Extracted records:
---+---

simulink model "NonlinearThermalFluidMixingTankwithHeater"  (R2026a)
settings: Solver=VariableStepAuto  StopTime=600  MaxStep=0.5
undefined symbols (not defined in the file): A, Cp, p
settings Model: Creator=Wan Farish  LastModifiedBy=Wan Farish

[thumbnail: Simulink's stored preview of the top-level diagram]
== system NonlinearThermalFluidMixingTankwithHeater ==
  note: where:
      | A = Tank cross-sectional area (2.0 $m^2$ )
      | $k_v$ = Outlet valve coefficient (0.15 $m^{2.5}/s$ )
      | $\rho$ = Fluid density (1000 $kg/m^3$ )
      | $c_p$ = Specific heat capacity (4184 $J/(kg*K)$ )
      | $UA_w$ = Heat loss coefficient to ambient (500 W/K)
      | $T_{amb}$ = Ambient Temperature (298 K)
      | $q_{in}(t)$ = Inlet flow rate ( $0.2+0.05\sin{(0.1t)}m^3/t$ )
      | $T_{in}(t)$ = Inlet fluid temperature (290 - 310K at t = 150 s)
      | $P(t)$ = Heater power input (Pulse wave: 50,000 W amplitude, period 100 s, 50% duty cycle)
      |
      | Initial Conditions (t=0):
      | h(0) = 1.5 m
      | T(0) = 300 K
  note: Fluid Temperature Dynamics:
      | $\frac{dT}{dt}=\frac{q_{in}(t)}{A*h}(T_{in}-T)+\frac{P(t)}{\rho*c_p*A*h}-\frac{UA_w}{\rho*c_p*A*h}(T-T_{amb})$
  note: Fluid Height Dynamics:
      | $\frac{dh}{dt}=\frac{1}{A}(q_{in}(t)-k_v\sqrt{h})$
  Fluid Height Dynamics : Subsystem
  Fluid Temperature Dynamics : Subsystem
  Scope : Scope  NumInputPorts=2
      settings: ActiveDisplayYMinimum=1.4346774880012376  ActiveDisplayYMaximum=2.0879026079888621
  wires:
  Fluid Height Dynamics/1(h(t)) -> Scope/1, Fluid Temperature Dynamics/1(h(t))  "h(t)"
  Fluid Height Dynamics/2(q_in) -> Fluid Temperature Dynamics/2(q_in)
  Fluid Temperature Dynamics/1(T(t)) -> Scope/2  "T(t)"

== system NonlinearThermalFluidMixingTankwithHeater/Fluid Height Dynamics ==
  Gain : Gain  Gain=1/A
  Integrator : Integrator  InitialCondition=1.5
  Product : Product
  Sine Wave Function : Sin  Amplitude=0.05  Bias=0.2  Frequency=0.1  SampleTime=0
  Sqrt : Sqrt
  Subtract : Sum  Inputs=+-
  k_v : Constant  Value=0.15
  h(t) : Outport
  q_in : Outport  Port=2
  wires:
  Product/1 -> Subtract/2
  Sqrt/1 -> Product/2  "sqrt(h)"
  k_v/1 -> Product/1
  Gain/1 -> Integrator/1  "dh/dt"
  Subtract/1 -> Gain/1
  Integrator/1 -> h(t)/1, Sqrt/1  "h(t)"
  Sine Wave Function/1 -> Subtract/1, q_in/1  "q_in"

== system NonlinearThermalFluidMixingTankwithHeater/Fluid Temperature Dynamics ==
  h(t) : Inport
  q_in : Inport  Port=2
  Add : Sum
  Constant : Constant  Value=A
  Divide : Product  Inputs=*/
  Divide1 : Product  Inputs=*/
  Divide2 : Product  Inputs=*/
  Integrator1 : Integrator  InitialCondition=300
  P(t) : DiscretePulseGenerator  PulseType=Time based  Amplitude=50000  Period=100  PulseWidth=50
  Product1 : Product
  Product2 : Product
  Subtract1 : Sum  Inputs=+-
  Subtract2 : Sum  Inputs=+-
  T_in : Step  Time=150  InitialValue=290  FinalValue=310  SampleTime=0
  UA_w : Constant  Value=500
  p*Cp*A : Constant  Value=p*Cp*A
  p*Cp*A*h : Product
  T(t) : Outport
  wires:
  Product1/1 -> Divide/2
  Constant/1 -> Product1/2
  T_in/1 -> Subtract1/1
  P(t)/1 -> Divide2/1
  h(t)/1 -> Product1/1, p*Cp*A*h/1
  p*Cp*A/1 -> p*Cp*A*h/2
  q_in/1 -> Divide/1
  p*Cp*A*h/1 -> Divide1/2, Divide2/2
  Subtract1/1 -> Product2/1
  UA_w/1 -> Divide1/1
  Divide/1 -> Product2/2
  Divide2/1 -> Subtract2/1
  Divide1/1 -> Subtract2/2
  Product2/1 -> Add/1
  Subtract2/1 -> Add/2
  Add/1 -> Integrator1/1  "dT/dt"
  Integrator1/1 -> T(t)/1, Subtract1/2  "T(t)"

---+---

**Task statement**
Reproduce the data shown above exactly.

**Completed task**
simulink model "NonlinearThermalFluidMixingTankwithHeater"  (R2026a)
settings: Solver=VariableStepAuto  StopTime=600  MaxStep=0.5
undefined symbols (not defined in the file): A, Cp, p
settings Model: Creator=Wan Farish  LastModifiedBy=Wan Farish

[thumbnail: Simulink's stored preview of the top-level diagram]
== system NonlinearThermalFluidMixingTankwithHeater ==
  note: where:
      | A = Tank cross-sectional area (2.0 $m^2$ )
      | $k_v$ = Outlet valve coefficient (0.15 $m^{2.5}/s$ )
      | $\rho$ = Fluid density (1000 $kg/m^3$ )
      | $c_p$ = Specific heat capacity (4184 $J/(kg*K)$ )
      | $UA_w$ = Heat loss coefficient to ambient (500 W/K)
      | $T_{amb}$ = Ambient Temperature (298 K)
      | $q_{in}(t)$ = Inlet flow rate ( $0.2+0.05\sin{(0.1t)}m^3/t$ )
      | $T_{in}(t)$ = Inlet fluid temperature (290 - 310K at t = 150 s)
      | $P(t)$ = Heater power input (Pulse wave: 50,000 W amplitude, period 100 s, 50% duty cycle)
      |
      | Initial Conditions (t=0):
      | h(0) = 1.5 m
      | T(0) = 300 K
  note: Fluid Temperature Dynamics:
      | $\frac{dT}{dt}=\frac{q_{in}(t)}{A*h}(T_{in}-T)+\frac{P(t)}{\rho*c_p*A*h}-\frac{UA_w}{\rho*c_p*A*h}(T-T_{amb})$
  note: Fluid Height Dynamics:
      | $\frac{dh}{dt}=\frac{1}{A}(q_{in}(t)-k_v\sqrt{h})$
  Fluid Height Dynamics : Subsystem
  Fluid Temperature Dynamics : Subsystem
  Scope : Scope  NumInputPorts=2
      settings: ActiveDisplayYMinimum=1.4346774880012376  ActiveDisplayYMaximum=2.0879026079888621
  wires:
  Fluid Height Dynamics/1(h(t)) -> Scope/1, Fluid Temperature Dynamics/1(h(t))  "h(t)"
  Fluid Height Dynamics/2(q_in) -> Fluid Temperature Dynamics/2(q_in)
  Fluid Temperature Dynamics/1(T(t)) -> Scope/2  "T(t)"

== system NonlinearThermalFluidMixingTankwithHeater/Fluid Height Dynamics ==
  Gain : Gain  Gain=1/A
  Integrator : Integrator  InitialCondition=1.5
  Product : Product
  Sine Wave Function : Sin  Amplitude=0.05  Bias=0.2  Frequency=0.1  SampleTime=0
  Sqrt : Sqrt
  Subtract : Sum  Inputs=+-
  k_v : Constant  Value=0.15
  h(t) : Outport
  q_in : Outport  Port=2
  wires:
  Product/1 -> Subtract/2
  Sqrt/1 -> Product/2  "sqrt(h)"
  k_v/1 -> Product/1
  Gain/1 -> Integrator/1  "dh/dt"
  Subtract/1 -> Gain/1
  Integrator/1 -> h(t)/1, Sqrt/1  "h(t)"
  Sine Wave Function/1 -> Subtract/1, q_in/1  "q_in"

== system NonlinearThermalFluidMixingTankwithHeater/Fluid Temperature Dynamics ==
  h(t) : Inport
  q_in : Inport  Port=2
  Add : Sum
  Constant : Constant  Value=A
  Divide : Product  Inputs=*/
  Divide1 : Product  Inputs=*/
  Divide2 : Product  Inputs=*/
  Integrator1 : Integrator  InitialCondition=300
  P(t) : DiscretePulseGenerator  PulseType=Time based  Amplitude=50000  Period=100  PulseWidth=50
  Product1 : Product
  Product2 : Product
  Subtract1 : Sum  Inputs=+-
  Subtract2 : Sum  Inputs=+-
  T_in : Step  Time=150  InitialValue=290  FinalValue=310  SampleTime=0
  UA_w : Constant  Value=500
  p*Cp*A : Constant  Value=p*Cp*A
  p*Cp*A*h : Product
  T(t) : Outport
  wires:
  Product1/1 -> Divide/2
  Constant/1 -> Product1/2
  T_in/1 -> Subtract1/1
  P(t)/1 -> Divide2/1
  h(t)/1 -> Product1/1, p*Cp*A*h/1
  p*Cp*A/1 -> p*Cp*A*h/2
  q_in/1 -> Divide/1
  p*Cp*A*h/1 -> Divide1/2, Divide2/2
  Subtract1/1 -> Product2/1
  UA_w/1 -> Divide1/1
  Divide/1 -> Product2/2
  Divide2/1 -> Subtract2/1
  Divide1/1 -> Subtract2/2
  Product2/1 -> Add/1
  Subtract2/1 -> Add/2
  Add/1 -> Integrator1/1  "dT/dt"
  Integrator1/1 -> T(t)/1, Subtract1/2  "T(t)"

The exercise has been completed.